Artık bütün mahallenin çocukları buna inanmıştı. Hepsi de, "Olamaz böyle birseş!" diyordu. Sonunda bir aksilik cıkmadan akşamı getirmiştik. Bu arkadaslardan bir gurubu, yine aşağı ineceklerdi. İnanmışlardı ama gece ne olacagını merak ediyolardı. Biz, bunların gece oraya gideceğini öğrendik ve arkadaşlarla birşey yapamayacağımız için kara kara düşünmeye başladık. Çünkü oyunumuz ortaya çıkacaktı. Çardakta oturuyorduk. O sırada, kapkara birşey önümüzden geçti. Biz, "Ya kedi, ya köpek" dedik bunun icin. En sonunda karar aldık. Gizli saklanma yerimize gidecektik. Burası, boş bir evdi. Apartmanın zemin katı panjurundan giriyorduk. Eve girdik. Işıkları açmaya çalıştık; ama yanmadı ve birden önümüzden yine o siyah sey geçti. İnanamamıştık. Kedi değildi. Köpek olsa saldırırdı. Çok ürkmüştük. O sırada, çığlıklarla arkadaslar bizi aramaya basladılar. Biz, bize bir oyun oynadıklarını düşündük. Fakat, oyun degilmiş... Aşağı indiklerinde, bodrumun ışık alan camları kırılmaya baslamış ve duvarların içinden sesler gelmeye baslamış. Biz de buna inanmayıp aşağı indik. Gördüüğmğz şey, sonunda bizi de korkutmuştu. Orada, birşeyler fazlaydı ve bunu bir insan, bizden habersiz yapamazdı. Anahtarlar da bizdeydi. 

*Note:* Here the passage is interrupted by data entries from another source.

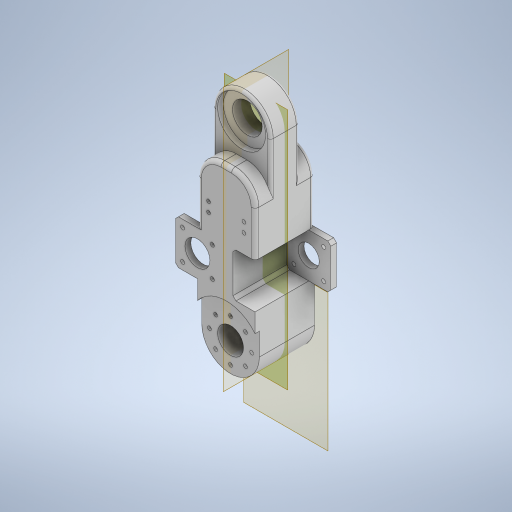
# Autodesk Inventor part: lower arm
Saved by Autodesk Inventor 2024 (Build 280153000, 153)
## iProperties
Created: 2024-02-21
Part Number: lower arm
Material: Generic
Document SubType Name: Modeling
Designer: MaartenGeorgesBuelen
Density: 1 g/cm^3
Appearance: Default
Author: MaartenGeorgesBuelen
## iProperties of the stored document lower arm_3DPrint.ipt
Created: 2024-02-21
Part Number: lower arm_3DPrint
Material: Generic
Document SubType Name: Modeling
Designer: MaartenGeorgesBuelen
Density: 1 g/cm^3
Appearance: Default
Author: MaartenGeorgesBuelen
Autodesk Inventor part; units mm, degrees
ref_plane "YZ Plane" through (0, 0, 0) normal (1, 0, 0) x (0, 1, 0)
ref_plane "XZ Plane" through (0, 0, 0) normal (0, 1, 0) x (-1, 0, 0)
ref_plane "Work Plane1" through (0, 0, 0) normal (0, 0, 1) x (1, 0, 0)
sketch "main" plane through (0, 0, 0) normal (0, 0, 1) x (1, 0, 0)
  circle A0 centre (35, 100) radius 13.5 projected
  arc A1 (31.5, 130) -> (0, 98.5) centre (31.5, 98.5) ccw projected
  line L0 (31.5, 130) -> (38.5, 130) projected
  arc A2 (70, 98.5) -> (38.5, 130) centre (38.5, 98.5) ccw projected
  circle A3 centre (35, 100) radius 30
  line L1 (5, 100) -> (65, 100)
  line L2 (65, 100) -> (65, 260)
  line L3 (65, 260) -> (5, 260)
  line L4 (5, 260) -> (5, 100)
  line L5 (55, 260) -> (15, 260)
  point P0 (0, 0)
  point P1 (0.0085, 99.2302)
  point P2 (69.9915, 99.2302)
  point P3 (35, 70)
  point P4 (48.5, 100)
  point P5 (21.5, 100)
  dimension "d0" = 60
  dimension "d4" = 160
  dimension "d5" = 60
  dimension "d6" = 30
  constraints: 10 end point, 2 horizontal, 2 parallel, 2 point on circle, 1 centre point, 1 coincident, 1 perpendicular, 1 point on line
  measures "d0" diameter of A3
  measures "d4" distance of L2.end L1.end
  measures "d5" distance of L2.end L3.end
  measures "d6" distance from line of A3.centre L4
ref_plane "Work Plane2" through (0, 68.4, 62) normal (0, 0, -1) x (0, 1, 0)
extrude "main extrude" add sketch "main" along normal up to surface (62 mm away) contours L1 A3 A0 | A0 L1 A3 | A3 L0 A2 L2 | L4 A1 L0 A3 | L0 A1 L4 L3 L2 A2
ref_plane "midplane" through (0, 0, 31) normal (0, 0, -1) x (-1, 0, 0)
mirror "right motor" about plane through (0, 0, 31) normal (0, 0, -1)
sketch "Sketch7" plane through (35, 100, 62) normal (0, 0, 1) x (1, 0, 0)
  circle A0 centre (-15.5563, 15.5563) radius 2
  circle A1 centre (0, 22) radius 2
  circle A2 centre (15.5563, 15.5563) radius 2
  circle A3 centre (22, 0) radius 2
  circle A4 centre (15.5563, -15.5563) radius 2
  circle A5 centre (0, -22) radius 2
  circle A6 centre (-15.5563, -15.5563) radius 2
  circle A7 centre (-22, 0) radius 2
  point P0 (-35, -100)
  constraints: 8 centre point, 16 other
extrude "screwholes" cut sketch "Sketch7" against normal blind 10
sketch "Sketch8" plane through (65, 100, 0) normal (1, 0, 0) x (0, 0, -1)
  line L0 (-62, 0) -> (-62, 160) projected
  line L1 (0, 0) -> (-62, 0) projected
  line L2 (0, 0) -> (0, 160) projected
  line L3 (0, 160) -> (-62, 160) projected
  line L4 (-31, 160) -> (-16, 160)
  line L5 (-16, 160) -> (-16, 220)
  line L6 (-16, 220) -> (-31, 220)
  line L7 (-31, 220) -> (-31, 160)
  line L8 (-31, 220) -> (-46, 220)
  line L9 (-46, 220) -> (-46, 160)
  line L10 (-46, 160) -> (-31, 160)
  line L11 (-31, 160) -> (-31, 220)
  point P0 (0, -100)
  point P1 (-46, 160)
  dimension "d39" = 15
  dimension "d40" = 60
  dimension "d41" = 15
  constraints: 16 end point, 5 parallel, 2 horizontal, 2 perpendicular, 1 midpoint
  measures "d39" distance of L6.end L5.end
  measures "d40" distance of L5.end L4.end
  measures "d41" distance of L10.end L9.end
extrude "arm joint" add sketch "Sketch8" against normal up to surface (60 mm away) contours L9 L8 L7 L3 | L7 L6 L5 L3
sketch "Sketch10" plane through (65, 260, 16) normal (0, 0, -1) x (-1, 0, 0)
  line L0 (60, 0) -> (60, 60) projected
  line L1 (0, 60) -> (60, 60) projected
  line L2 (0, 0) -> (0, 60) projected
  line L3 (60, 0) -> (0, 0) projected
  circle A0 centre (30, 32.1294) radius 19
  circle A1 centre (30, 32.1294) radius 13.5
  circle A2 centre (30, 32.1294) radius 25
  point P0 (65, -260)
  dimension "d93" = 4.2
  dimension "d45" = 38
  dimension "d46" = 27
  dimension "d47" = 6
  constraints: 3 centre point, 1 coincident
  measures "d45" diameter of A0
  measures "d46" diameter of A1
  measures "d47" radial gap between concentric circles of A0 A2
extrude "bearing hole" cut sketch "Sketch10" against normal blind 6 contours A0 | A1 | A2
sketch "Sketch11" plane through (35, 292.1294, 22) normal (0, 0, -1) x (-1, 0, 0)
  circle A0 centre (0, 0) radius 25 projected
  circle A1 centre (0, 0) radius 13.5
  point P0 (35, -292.1294)
  dimension "d50" = 27
  constraints: 1 centre point, 1 coincident
  measures "d50" diameter of A1
extrude "axle hole" cut sketch "Sketch11" against normal through all contours A1
mirror "Mirror3" about plane through (0, 0, 31) normal (0, 0, -1) of "bearing hole"
fillet "Fillet1" radius 30 2 edges at (65, 320, 31) (5, 320, 31)
fillet "Fillet3" radius 24.5 2 edges at (5, 260, 54) (65, 260, 54)
mirror "Mirror4" about plane through (0, 0, 31) normal (0, 0, -1) of "Fillet3"
sketch "Sketch14" plane through (35, 100, 62) normal (0, 0, 1) x (1, 0, 0)
  line L0 (9, 85) -> (11, 87) projected
  line L1 (9, 47) -> (9, 85) projected
  line L2 (11, 45) -> (9, 47) projected
  line L3 (49, 45) -> (11, 45) projected
  line L4 (51, 47) -> (49, 45) projected
  line L5 (51, 85) -> (51, 47) projected
  line L6 (49, 87) -> (51, 85) projected
  line L7 (11, 87) -> (49, 87) projected
  line L8 (49.8284, 89) -> (53, 85.8284)
  line L9 (53, 85.8284) -> (53, 46.1716)
  line L10 (53, 46.1716) -> (49.8284, 43)
  line L11 (49.8284, 43) -> (10.1716, 43)
  line L12 (10.1716, 43) -> (7, 46.1716)
  line L13 (7, 46.1716) -> (7, 85.8284)
  line L14 (7, 85.8284) -> (10.1716, 89)
  line L15 (10.1716, 89) -> (49.8284, 89)
  point P0 (-35, -100)
  dimension "d65" = 2
  constraints: 16 end point, 7 other
  measures "d65" distance between parallel lines of L7 L15
extrude "Extrusion12" cut sketch "Sketch14" against normal up to surface (62 mm away) contours L0 L7 L6 L5 L4 L3 L2 L1 | L8 L9 L10 L11 L12 L13 L14 L15
sketch "Sketch17" plane through (0, 0, 0) normal (0, 0, -1) x (-1, 0, 0)
  line L0 (16, 147) -> (14, 145) projected
  line L1 (16, 185) -> (16, 147) projected
  line L2 (14, 187) -> (16, 185) projected
  line L3 (-24, 187) -> (14, 187) projected
  line L4 (-26, 185) -> (-24, 187) projected
  line L5 (-26, 147) -> (-26, 185) projected
  line L6 (-24, 145) -> (-26, 147) projected
  line L7 (14, 145) -> (-24, 145) projected
  line L8 (14.8284, 189) -> (18, 185.8284)
  line L9 (18, 185.8284) -> (18, 146.1716)
  line L10 (18, 146.1716) -> (14.8284, 143)
  line L11 (14.8284, 143) -> (-24.8284, 143)
  line L12 (-24.8284, 143) -> (-28, 146.1716)
  line L13 (-28, 146.1716) -> (-28, 185.8284)
  line L14 (-28, 185.8284) -> (-24.8284, 189)
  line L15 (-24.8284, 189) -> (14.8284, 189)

Oradaki masa ve bıçak... Resmen kanlıydı ve o sırada içeriden yine o siyah şey dışarı çıktı. Artık altımıza kaçıracaktık. Kaçtık... En iyisi, herkesin evine gitmesiydi. Evlerimize döndük. Ben, durmadan dua ediyodum. En sonunda, anneannem bizde kaldığı icin salonda yatacağımdan, eşyalarımı aldım ve salona gittim. Uyumak icin gözlerimi kapadığımda hep bir ses duyuyordum. Bunlar, sanki birinin bana doğru yürüdüğü ve yaklaştığı ayak sesleri gibiydi. Gözümü açtım ve sesler kesildi. Tekrar gözümü kapadığımda, yine bir şeyler yaklaşıyor gibiydi. Hemen gözümü açtım. Dayanamıyordum... Çığlık atacaktım... En sonunda bildiğim bütün duaları okudum ve uyudum. Fakat çare etmedi. Resmen içimden bir ses, "Kesinlikle dua etme ve gözünü açma!" diyordu. Dayanamamıştım. Birden cıglık atarak kalktım ve içeriye koştum. O gün, abimin yanında yattım. Ertesi gün uyandığımda, buluşma yerinde birşeyler olmustu. Sabah, o ışık girmeyen evde onlarca göz ve insan gölgeleri görmüşler, sesler duymuşlardı. Hepimiz de delirmiş gibiydik. İyileşene kadar cıkamadık bir yere. Sonradan, bu oyunu yaparken birilerinin ruh çağırdııını ögrendik. Bir daha böyle birşey yapmamaya kendime söz verdim... 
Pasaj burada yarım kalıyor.